Фаэль Рабор проснулся и полностью пришел в себя менее чем за один удар сердца. Что-то
было не так. Он вскочил с койки. Воин стоял обнаженным, напрягая мышцы и чувства и
приготовившись к бою.
В каюте царил мрак. Под босыми стопами по металлу почти неощутимо расходилась
вибрация от двигателей корабля, прорывающегося через варп. На пределе
усовершенствованного слуха доносился гул машин внутри корпуса, а в коридоре снаружи
висел смрад немытых тел легионеров и смертных рабов.
Никого не было, но неуютное ощущение нарушенного порядка реальности не отпускало.
Рабор потянулся к переключателю возле койки, чтобы активировать единственную
осветительную полосу на потолке, но что-то заставило его остановиться и направиться к
тумблеру у двери.
Комната осветилась, и он обнаружил, что смотрит на другой выключатель.
Там, где должна была пройти его рука, из стены торчал нож. На клинке, возле рукояти, было послание.
Он ощерился.
– Эреб…
Давин был таким же, каким его помнил Первый капеллан. Обширные равнины
переходили в красные пустыни. Мчащийся над саванной «Громовой ястреб» обращал в
бегство огромные стада копытных животных.
– Держитесь низко, – приказал Эреб пилотам. – Не хочу оповещать о своем присутствии.
– Как пожелаете, лорд Эреб.
Они находились далеко от цивилизации, ютящейся в горных долинах. На равнинах были
только стада и кочевники, которые на них охотились.
Первый капеллан выбрал просвет на лугу и велел сажать десантный корабль, а затем
собрал вещи и направился на нижнюю палубу. Когда он сошел вниз, пятеро воинов-
телохранителей склонились в поклоне.
Корабль опустился на посадочные опоры, и передняя аппарель с хрустом открылась, впустив внутрь лучи слепящего солнечного света. Эреб не надел боевого доспеха, только
грубую рясу нищенствующего жреца. Он был апостолом истины, а та требовала смирения, как бы это ни раздражало присущее ему чувство величия.
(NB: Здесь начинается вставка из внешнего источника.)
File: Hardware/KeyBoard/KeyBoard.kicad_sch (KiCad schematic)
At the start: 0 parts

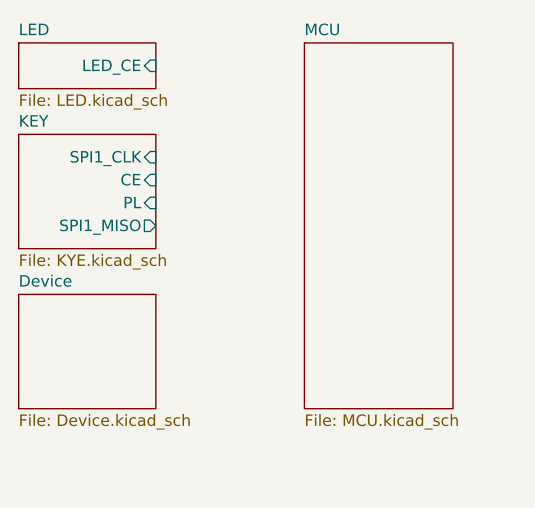
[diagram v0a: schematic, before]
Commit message: Completed the schematic drawing, started the PCB process, and updated the firmware to the helloword firmware.
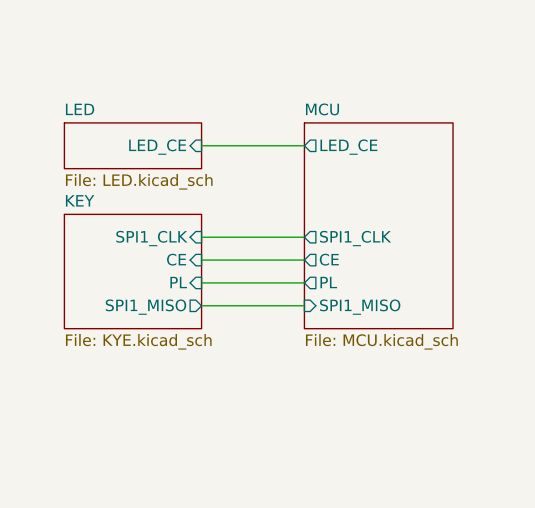
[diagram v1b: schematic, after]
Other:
- removed sheet Device
- sheet MCU ports: added CE, LED_CE, PL, SPI1_CLK, SPI1_MISO; removed none
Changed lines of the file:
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@@
 	(generator_version "8.0")
 	(paper "A4")
+	(wire
+		(pts
+			(xy 63.5 57.15) (xy 74.93 57.15)
+		)
+		(stroke
+			(width 0)
+			(type default)
+		)
+	)
+	(wire
+		(pts
+			(xy 63.5 46.99) (xy 74.93 46.99)
+		)
+		(stroke
+			(width 0)
+			(type default)
+		)
+	)
+	(wire
+		(pts
+			(xy 63.5 62.23) (xy 74.93 62.23)
+		)
+		(stroke
+			(width 0)
+			(type default)
+		)
+	)
+	(wire
+		(pts
+			(xy 63.5 64.77) (xy 74.93 64.77)
+		)
+		(stroke
+			(width 0)
+			(type default)
+		)
+	)
+	(wire
+		(pts
+			(xy 63.5 59.69) (xy 74.93 59.69)
+		)
+		(stroke
+			(width 0)
+			(type default)
+		)
+	)
 	(sheet
-		(at 43.18 45.72)
+		(at 48.26 54.61)
 		(size 15.24 12.7)
 		(fields_autoplaced yes)
@@
 		)
 		(property "Sheetname" "KEY"
-			(at 43.18 45.0084 0)
+			(at 48.26 53.8984 0)
 			(effects
 				(font
@@
 		)
 		(property "Sheetfile" "KYE.kicad_sch"
-			(at 43.18 59.0046 0)
+			(at 48.26 67.8946 0)
 			(effects
 				(font
@@
 		)
 		(pin "SPI1_CLK" input
-			(at 58.42 48.26 0)
+			(at 63.5 57.15 0)
 			(effects
 				(font
@@
 		)
 		(pin "CE" input
-			(at 58.42 50.8 0)
+			(at 63.5 59.69 0)
 			(effects
 				(font
@@
 		)
 		(pin "PL" input
-			(at 58.42 53.34 0)
+			(at 63.5 62.23 0)
 			(effects
 				(font
@@
 		)
 		(pin "SPI1_MISO" output
-			(at 58.42 55.88 0)
+			(at 63.5 64.77 0)
 			(effects
 				(font
@@
 	)
 	(sheet
-		(at 74.93 35.56)
-		(size 16.51 40.64)
+		(at 74.93 44.45)
+		(size 16.51 22.86)
 		(fields_autoplaced yes)
 		(stroke
@@
 		)
 		(property "Sheetname" "MCU"
-			(at 74.93 34.8484 0)
+			(at 74.93 43.7384 0)
 			(effects
 				(font
@@
 		)
 		(property "Sheetfile" "MCU.kicad_sch"
-			(at 74.93 76.7846 0)
+			(at 74.93 67.8946 0)
 			(effects
 				(font
@@
 				)
 				(justify left top)
+			)
+		)
+		(pin "SPI1_MISO" input
+			(at 74.93 64.77 180)
+			(effects
+				(font
+					(size 1.27 1.27)
+				)
+				(justify left)
+			)
+		)
+		(pin "SPI1_CLK" output
+			(at 74.93 57.15 180)
+			(effects
+				(font
+					(size 1.27 1.27)
+				)
+				(justify left)
+			)
+		)
+		(pin "LED_CE" output
+			(at 74.93 46.99 180)
+			(effects
+				(font
+					(size 1.27 1.27)
+				)
+				(justify left)
+			)
+		)
+		(pin "CE" output
+			(at 74.93 59.69 180)
+			(effects
+				(font
+					(size 1.27 1.27)
+				)
+				(justify left)
+			)
+		)
+		(pin "PL" output
+			(at 74.93 62.23 180)
+			(effects
+				(font
+					(size 1.27 1.27)
+				)
+				(justify left)
 			)
 		)
@@
 	)
 	(sheet
-		(at 43.18 63.5)
-		(size 15.24 12.7)
+		(at 48.26 44.45)
+		(size 15.24 5.08)
 		(fields_autoplaced yes)
 		(stroke
@@
 			(color 255 255 255 1.0000)
 		)
-		(property "Sheetname" "Device"
-			(at 43.18 62.7884 0)
+		(property "Sheetname" "LED"
+			(at 48.26 43.7384 0)
 			(effects
 				(font
@@
 			)
 		)
-		(property "Sheetfile" "Device.kicad_sch"
-			(at 43.18 76.7846 0)
+		(property "Sheetfile" "LED.kicad_sch"
+			(at 48.26 50.1146 0)
 			(effects
 				(font
@@
 			)
 		)
-		(instances
-			(project "KeyBoard"
-				(path "/241a990a-4472-4769-ab02-cee073c97173"
-					(page "5")
-				)
-			)
-		)
-	)
-	(sheet
-		(at 43.18 35.56)
-		(size 15.24 5.08)
-		(fields_autoplaced yes)
-		(stroke
-			(width 0.1524)
-			(type solid)
-			(color 52 0 255 1)
-		)
-		(fill
-			(color 255 255 255 1.0000)
-		)
-		(property "Sheetname" "LED"
-			(at 43.18 34.8484 0)
-			(effects
-				(font
-					(size 1.27 1.27)
-				)
-				(justify left bottom)
-			)
-		)
-		(property "Sheetfile" "LED.kicad_sch"
-			(at 43.18 41.2246 0)
-			(effects
-				(font
-					(size 1.27 1.27)
-				)
-				(justify left top)
-			)
-		)
 		(pin "LED_CE" input
-			(at 58.42 38.1 0)
-			(effects
-				(font
+			(at 63.5 46.99 0)
+			(effects
+				(font

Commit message: complete layout
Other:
- added sheet Device (Device.kicad_sch)
- sheet MCU ports: added UART_RX, UART_TX, USB_PORT_N, USB_PORT_P; removed none
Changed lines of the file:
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@@
+	(wire
+		(pts
+			(xy 63.5 73.66) (xy 74.93 73.66)
+		)
+		(stroke
+			(width 0)
+			(type default)
+		)
+	)
+	(wire
+		(pts
+			(xy 63.5 80.01) (xy 74.93 80.01)
+		)
+		(stroke
+			(width 0)
+			(type default)
+		)
+	)
 	(wire
 		(pts
@@
 		(pts
 			(xy 63.5 59.69) (xy 74.93 59.69)
+		)
+		(stroke
+			(width 0)
+			(type default)
+		)
+	)
+	(wire
+		(pts
+			(xy 63.5 74.93) (xy 74.93 74.93)
+		)
+		(stroke
+			(width 0)
+			(type default)
+		)
+	)
+	(wire
+		(pts
+			(xy 63.5 78.74) (xy 74.93 78.74)
 		)
 		(stroke
@@
 	(sheet
 		(at 74.93 44.45)
-		(size 16.51 22.86)
+		(size 16.51 38.1)
 		(fields_autoplaced yes)
 		(stroke
@@
 		)
 		(property "Sheetfile" "MCU.kicad_sch"
-			(at 74.93 67.8946 0)
+			(at 74.93 83.1346 0)
 			(effects
 				(font
@@
 		(pin "PL" output
 			(at 74.93 62.23 180)
+			(effects
+				(font
+					(size 1.27 1.27)
+				)
+				(justify left)
+			)
+		)
+		(pin "USB_PORT_P" bidirectional
+			(at 74.93 73.66 180)
+			(effects
+				(font
+					(size 1.27 1.27)
+				)
+				(justify left)
+			)
+		)
+		(pin "USB_PORT_N" bidirectional
+			(at 74.93 74.93 180)
+			(effects
+				(font
+					(size 1.27 1.27)
+				)
+				(justify left)
+			)
+		)
+		(pin "UART_RX" input
+			(at 74.93 78.74 180)
+			(effects
+				(font
+					(size 1.27 1.27)
+				)
+				(justify left)
+			)
+		)
+		(pin "UART_TX" output
+			(at 74.93 80.01 180)
 			(effects
 				(font
@@
 				)
 			)
+		)
+	)
+	(sheet
+		(at 48.26 72.39)
+		(size 15.24 10.16)
+		(fields_autoplaced yes)
+		(stroke
+			(width 0.1524)
+			(type solid)
+			(color 52 0 255 1)
+		)
+		(fill
+			(color 255 255 255 1.0000)
+		)
+		(property "Sheetname" "Device"
+			(at 48.26 71.6784 0)
+			(effects
+				(font
+					(size 1.27 1.27)
+				)
+				(justify left bottom)
+			)
+		)
+		(property "Sheetfile" "Device.kicad_sch"
+			(at 48.26 83.1346 0)
+			(effects
+				(font
+					(size 1.27 1.27)
+				)
+				(justify left top)
+			)
+		)
+		(pin "USB_DM_1" bidirectional
+			(at 63.5 74.93 0)
+			(effects
+				(font
+					(size 1.27 1.27)
+				)
+				(justify right)
+			)
+		)
+		(pin "USB_DP_1" bidirectional
+			(at 63.5 73.66 0)
+			(effects
+				(font
+					(size 1.27 1.27)
+				)
+				(justify right)
+			)
+		)
+		(pin "UART_RX" output
+			(at 63.5 78.74 0)
+			(effects
+				(font
+					(size 1.27 1.27)
+				)
+				(justify right)
+			)
+		)
+		(pin "UART_TX" input
+			(at 63.5 80.01 0)
+			(effects
+				(font
+					(size 1.27 1.27)
+				)
+				(justify right)
+			)
+		)
+		(instances
+			(project "KeyBoard"
+				(path "/241a990a-4472-4769-ab02-cee073c97173"
+					(page "5")
+				)
+			)

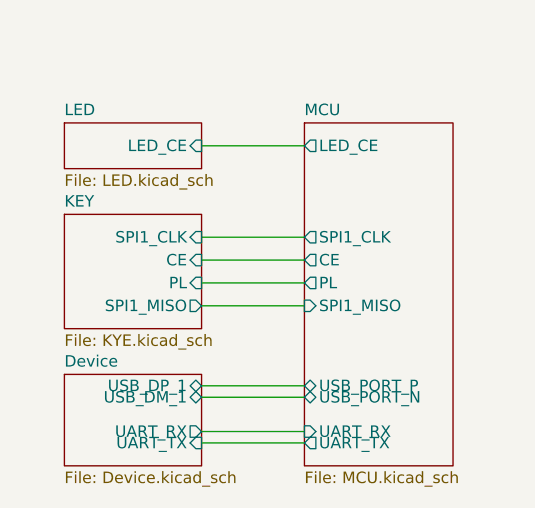
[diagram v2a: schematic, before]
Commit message: Update the PCB layout
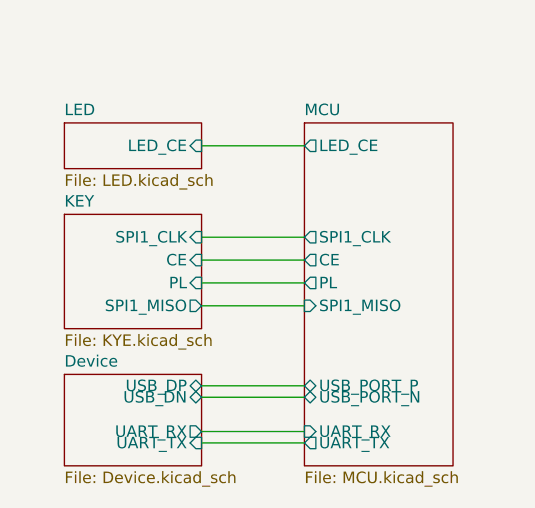
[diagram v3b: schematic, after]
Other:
- sheet Device ports: added USB_DN, USB_DP; removed USB_DM_1, USB_DP_1
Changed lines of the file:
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@@
+	(wire
+		(pts
+			(xy 63.5 80.01) (xy 74.93 80.01)
+		)
+		(stroke
+			(width 0)
+			(type default)
+		)
+	)
+	(wire
+		(pts
+			(xy 63.5 57.15) (xy 74.93 57.15)
+		)
+		(stroke
+			(width 0)
+			(type default)
+		)
+	)
 	(wire
 		(pts
 			(xy 63.5 73.66) (xy 74.93 73.66)
-		)
-		(stroke
-			(width 0)
-			(type default)
-		)
-	)
-	(wire
-		(pts
-			(xy 63.5 80.01) (xy 74.93 80.01)
-		)
-		(stroke
-			(width 0)
-			(type default)
-		)
-	)
-	(wire
-		(pts
-			(xy 63.5 57.15) (xy 74.93 57.15)
 		)
 		(stroke
@@
 			)
 		)
-		(pin "USB_DM_1" bidirectional
-			(at 63.5 74.93 0)
-			(effects
-				(font
-					(size 1.27 1.27)
-				)
-				(justify right)
-			)
-		)
-		(pin "USB_DP_1" bidirectional
-			(at 63.5 73.66 0)
-			(effects
-				(font
-					(size 1.27 1.27)
-				)
-				(justify right)
-			)
-		)
 		(pin "UART_RX" output
 			(at 63.5 78.74 0)
@@
 			(effects
 				(font
+					(size 1.27 1.27)
+				)
+				(justify right)
+			)
+		)
+		(pin "USB_DP" bidirectional
+			(at 63.5 73.66 0)
+			(effects
+				(font
+					(size 1.27 1.27)
+				)
+				(justify right)
+			)
+		)
+		(pin "USB_DN" bidirectional
+			(at 63.5 74.93 0)
+			(effects
+				(font

За спиной он нес небольшой
мешок с припасами на несколько дней – тоже из простой ткани, с прорехами от старости и
использования, залатанными грубой дерюгой. На поясе поблескивал практичный,
лишенный украшений атам. Единственным предметом роскоши при Темном Апостоле
был закинутый за плечо сверток из дорогого бархата, но он был скрыт под грязной
мешковиной, перевязанной веревкой.
– Возвращайтесь на «Длань Судьбы», – приказал Эреб своим людям. – Капитану Ворегару
приказано воссоединиться с флотом. Ждите меня там.
– Как вы вернетесь, господин? – спросил Ундил. – Свяжетесь с гарнизоном? Мы далеко
от…
– Не утруждай себя, брат-сержант. Я вернусь прежде, чем мы доберемся до Ультрамара.
Сержант нерешительно сделал паузу, а затем снова кивнул.
– Как скажете, господин.
Эреб ступил на сухую траву саванны. Он отошел на безопасное расстояние, и двигатели
десантного корабля с визгом набрали полную мощность. Пламя реактивных выбросов
подожгло траву.
Темный Апостол проследил, как «Громовой ястреб» наклонился, направил тупой нос в
небо и быстро взмыл вверх. Эхо взлета прокатилось по равнине, и Эреб оказался в
одиночестве. Остались только шорох ветра, треск горящей травы и мычание
перепуганных животных вдали.
Он закрыл глаза и сделал глубокий вдох. Воздух был горячим, он опьянял ароматом
сожженной земли и зверей, который смешивался с запахом дыма. Здесь, в системе Давина, величайший из его планов начался обращением Гора. С некоторой натяжкой можно было
бы сказать, что он вернулся домой.
Раздуваемое ветром пламя распространялось по сухой траве. Эреб закинул ношу на спину
и зашагал вперед.
В зале могло бы поместиться более сотни легионеров, однако он был тесен для пятерых
собравшихся Несущих Слово. Это были высшие чины Легиона, надевшие все регалии, словно собирались на войну. Во взглядах читалось явное недоверие. Некоторые из них
раньше были близки как кровные родственники, однако последнее время облик XVII Легиона менялся, и они ожесточенно соперничали друг с другом, а братские узы быстро
рушились под натиском амбиций.
Из-за всех своих пышных титулов Кор Фаэрон, разумеется, считал себя главой собрания.
Его надменность была физически осязаема для остальных: Морпала Ксира, Фаэля Рабора, Федрала Фелла и Хол Велофа, раздраженных подобным самомнением. Когда они
собрались вокруг центрального из восьми концентрических столов и заняли места
напротив лучей звезды Хаоса, врезанной в гранитную поверхность, Магистр Веры одарил
их улыбкой, граничившей с презрительной усмешкой.